[Collection entries]
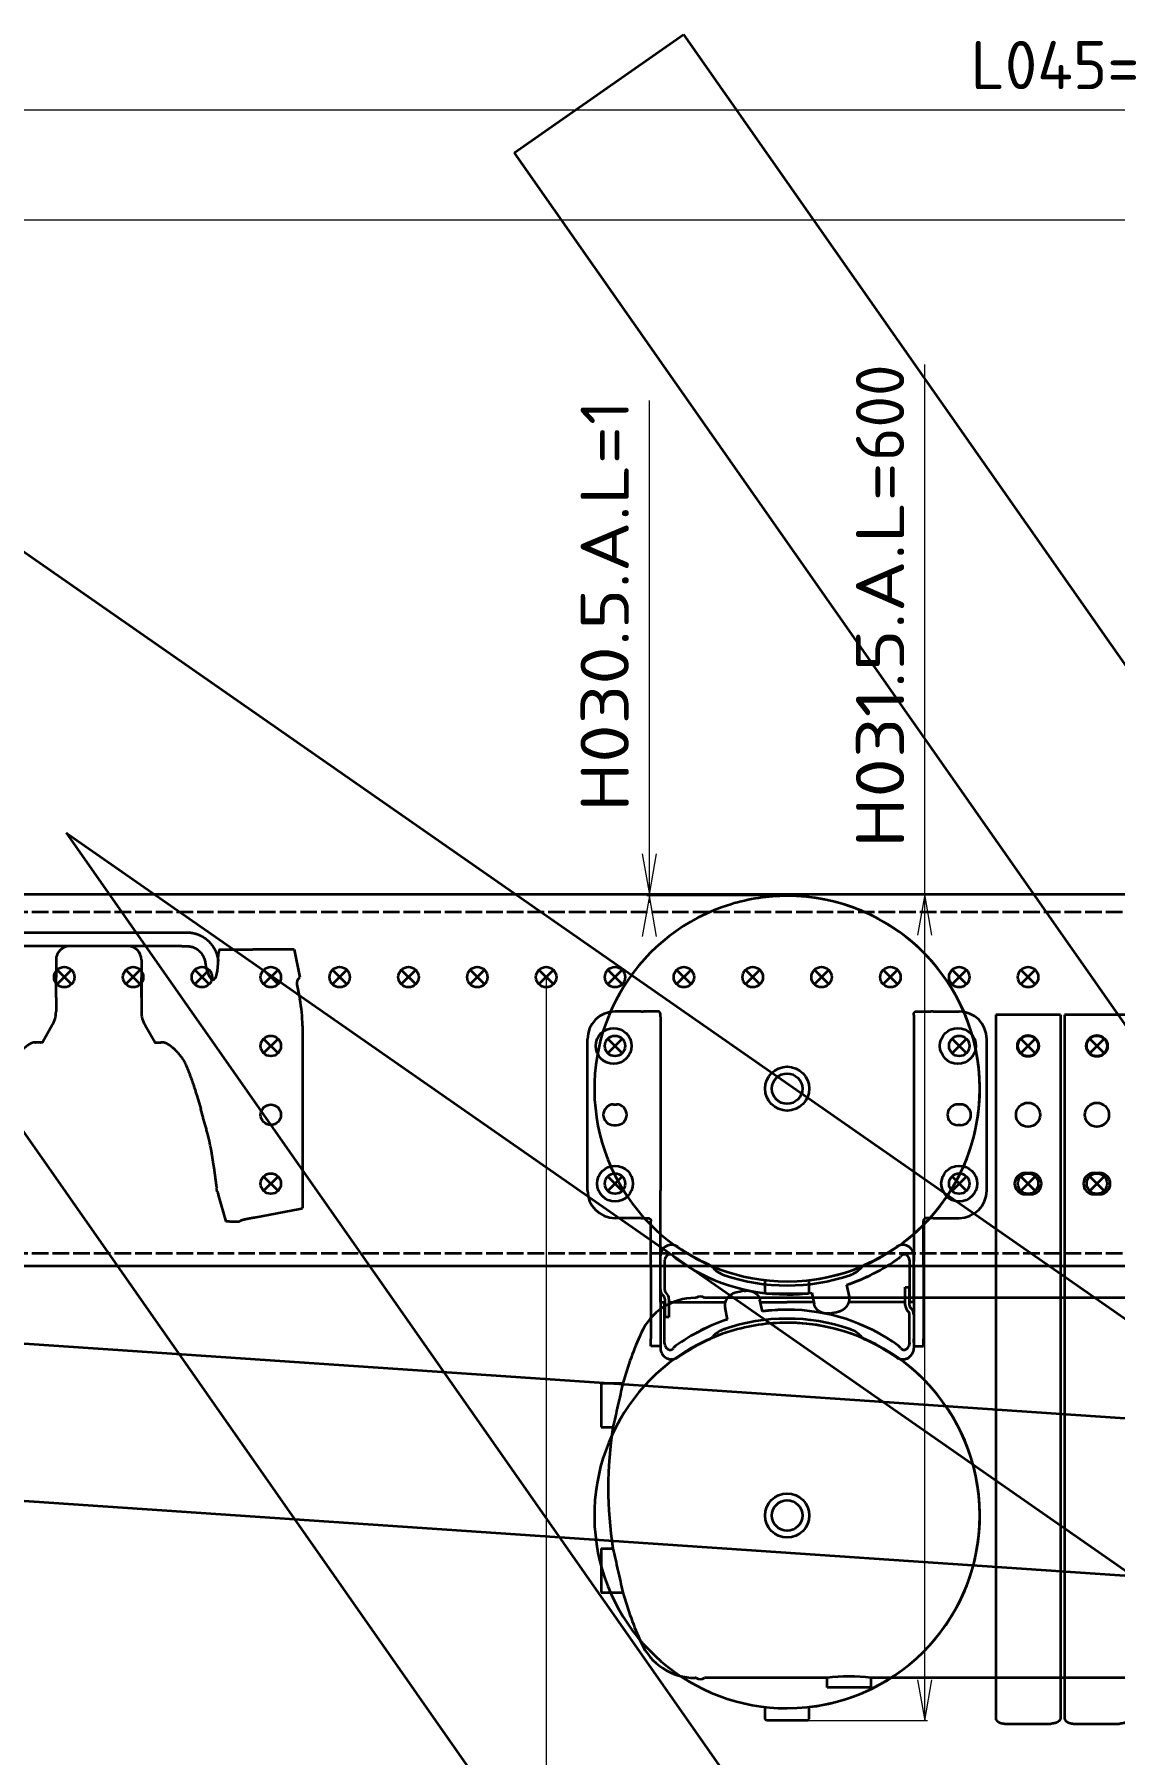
# Model space of a CAD drawing. Header units: millimetres. Extents: x 120 to 10915, y 515 to 8014.
# Drawn here: x 5278 to 6063, y 4545 to 5795 of the extents above; entities that cross this region are included whole.
import ezdxf
from ezdxf.enums import TextEntityAlignment as Align

# ---------------------------------------------------------------- set-up
doc = ezdxf.new("R2010")
doc.units = ezdxf.units.MM
doc.linetypes.add('DASHED', pattern=[15, 12, -3])
doc.layers.get('0').update_dxf_attribs({"lineweight": 13})
for name, color, linetype, lineweight in [('201_Dimensions', 7, 'Continuous', 13), ('202_Information', 7, 'Continuous', 13), ('203_Chassis_left_side_view', 7, 'Continuous', 13), ('204_Chassis_mid_side_view', 7, 'Continuous', 13), ('211_Frame_holes_left_side_view', 7, 'Continuous', 13), ('212_Frame_holes_right_side_view', 7, 'Continuous', 13), ('213_BWA_holes_left_side_view', 7, 'Continuous', 13), ('214_BWA_holes_right_side_view', 7, 'Continuous', 13)]:
    doc.layers.add(name, color=color, linetype=linetype, lineweight=lineweight)
doc.styles.get("Standard").update_dxf_attribs({"font": 'isocp.shx'})

# ---------------------------------------------------------------- blocks, each defined once
blk = doc.blocks.new('3304873_1')
at = {"layer": '204_Chassis_mid_side_view', "color": 3, "lineweight": 35}
for p, q in [((5261.4, 1242.5), (5261.4, 1232.5)), ((5264.6, 1242.5), (5261.4, 1242.5)), ((5264.6, 1242.5), (5298.3, 1242.5)), ((5298.3, 1242.5), (5351.7, 1242.5)), ((5351.7, 1242.5), (5385.4, 1242.5)), ((5385.4, 1242.5), (5388.6, 1242.5)), ((5183, 1230), (5179, 1209.6)), ((5213, 1230), (5183, 1230)), ((5232.4, 1230), (5213, 1230)), ((5237, 1230), (5232.4, 1230)), ((5238.2, 1225), (5238.2, 1223)), ((5238.2, 1225), (5238.2, 1223)), ((5264.6, 1232.5), (5261.4, 1232.5)), ((5298.3, 1232.5), (5264.6, 1232.5)), ((5351.7, 1232.5), (5298.3, 1232.5)), ((5385.4, 1232.5), (5351.7, 1232.5)), ((5385.4, 1232.5), (5388.6, 1232.5)), ((5411.8, 1223), (5411.8, 1225)), ((5413, 1230), (5417.6, 1230)), ((5417.6, 1230), (5437, 1230)), ((5467, 1230), (5437, 1230)), ((5467, 1230), (5471, 1209.6)), ((5238.3, 1222.5), (5248, 1222.5)), ((5294, 1222.5), (5294, 1209.8)), ((5356, 1222.5), (5356, 1209.8)), ((5181, 1204.6), (5178.9, 1194.3)), ((5179, 1209.6), (5179, 1209.6)), ((5294, 1209.8), (5294, 1209.8)), ((5294, 1199), (5294, 1209.8)), ((5356, 1199), (5356, 1209.8)), ((5469, 1204.6), (5471.1, 1194.3)), ((5471, 1209.6), (5471, 1209.6)), ((5294, 1195.2), (5294, 1199)), ((5294, 1195.2), (5294, 1195.2)), ((5294, 1195.2), (5294, 1185)), ((5356, 1195.2), (5356, 1199)), ((5356, 1195.2), (5356, 1185)), ((5177, 1174.7), (5177, 1047)), ((5291.3, 1175), (5284.1, 1162.5)), ((5358.7, 1175), (5365.9, 1162.5)), ((5473, 1174.7), (5473, 1047)), ((5278.8, 1162.6), (5279, 1162.6)), ((5279.8, 1162.6), (5279.9, 1162.6)), ((5370.1, 1162.6), (5370.2, 1162.6)), ((5371, 1162.6), (5371.2, 1162.6)), ((5266.1, 1154.9), (5266.1, 1154.9)), ((5383.9, 1154.9), (5383.9, 1154.9)), ((5253.6, 1123.4), (5250.9, 1114.4)), ((5253.6, 1123.4), (5250.9, 1114.4)), ((5253.8, 1124), (5253.6, 1123.4)), ((5253.8, 1124), (5253.6, 1123.4)), ((5396.2, 1124), (5396.4, 1123.4)), ((5396.4, 1123.4), (5399.1, 1114.4)), ((5241.5, 1072.5), (5241.4, 1072.3)), ((5238.2, 1051.9), (5232.7, 1032.6)), ((5238.2, 1051.9), (5232.7, 1032.6)), ((5411.8, 1051.9), (5417.3, 1032.6)), ((5177, 1047), (5177, 1042.1)), ((5178.9, 1041.8), (5177, 1042.1)), ((5211.8, 1035.5), (5178.9, 1041.8)), ((5438.2, 1035.5), (5471.1, 1041.8)), ((5471.1, 1041.8), (5473, 1042.1)), ((5473, 1047), (5473, 1042.1)), ((5211.8, 1035.5), (5211.6, 1035.5)), ((5213, 1035.3), (5211.8, 1035.5)), ((5223, 1032.6), (5222.7, 1032.8)), ((5230.1, 1032.6), (5229.2, 1032.6)), ((5230.1, 1032.6), (5229.2, 1032.6)), ((5419.9, 1032.6), (5420.8, 1032.6)), ((5419.9, 1032.6), (5420.8, 1032.6)), ((5427, 1032.6), (5427.3, 1032.8)), ((5437, 1035.3), (5438.2, 1035.5)), ((5438.2, 1035.5), (5438.9, 1035.6))]:
    blk.add_line(p, q, dxfattribs=at)
for centre in [(5200, 1210), (5450, 1210), (5200, 1160), (5450, 1160), (5200, 1110), (5450, 1110), (5200, 1060), (5450, 1060)]:
    blk.add_circle(centre, 7.4, dxfattribs=at)
for centre, radius, start, end in [((5304, 1222.5), 10, 90.2566, 180), ((5346, 1222.5), 10, 0, 89.7434), ((5176.1, 1205.5), 5, 348.7, 53.9629), ((5473.9, 1205.5), 5, 126.0371, 191.3), ((5277, 1174.7), 100, 168.7, 180), ((5373, 1174.7), 100, 360, 11.3), ((5274, 1185), 20, 329.9311, 359.9999), ((5376, 1185), 20, 180.0001, 210.0689), ((5279.3, 1143.8), 18.8, 88.3525, 90.7619), ((5370.7, 1143.8), 18.8, 89.2381, 91.6475), ((5288.4, 1137.3), 27.4, 132.2436, 133.5976), ((5295, 1130.4), 37, 131.3665, 132.5844), ((5287.5, 1138.9), 25.6, 130.2166, 131.5128), ((5362.5, 1138.9), 25.6, 48.4872, 49.7834), ((5355, 1130.4), 37, 47.4156, 48.6335), ((5361.6, 1137.3), 27.4, 46.4024, 47.7564), ((5564.3, 1021.3), 326.9, 163.458, 164.4277), ((5564.3, 1021.3), 326.9, 163.458, 164.4277), ((5085.7, 1021.3), 326.9, 15.5723, 16.542), ((5204.9, 1063.6), 35.2, 340.6805, 344.56), ((5204.9, 1063.6), 35.2, 340.6805, 344.56), ((5300.8, 1044.7), 62.6, 169.0809, 171.3317), ((5300.8, 1044.7), 62.6, 169.081, 171.3318), ((5193.6, 1065.4), 46.5, 349.0883, 350.6753), ((5193.6, 1065.4), 46.5, 349.0883, 350.6753), ((5201.2, 1064.2), 38.9, 350.6853, 352.3644), ((5201.2, 1064.2), 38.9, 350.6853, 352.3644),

- WHAT IS BEING ASKED -
One number is the expected answer: the count of lines above that hold the word "layers".

- OUTPUT BELOW -
2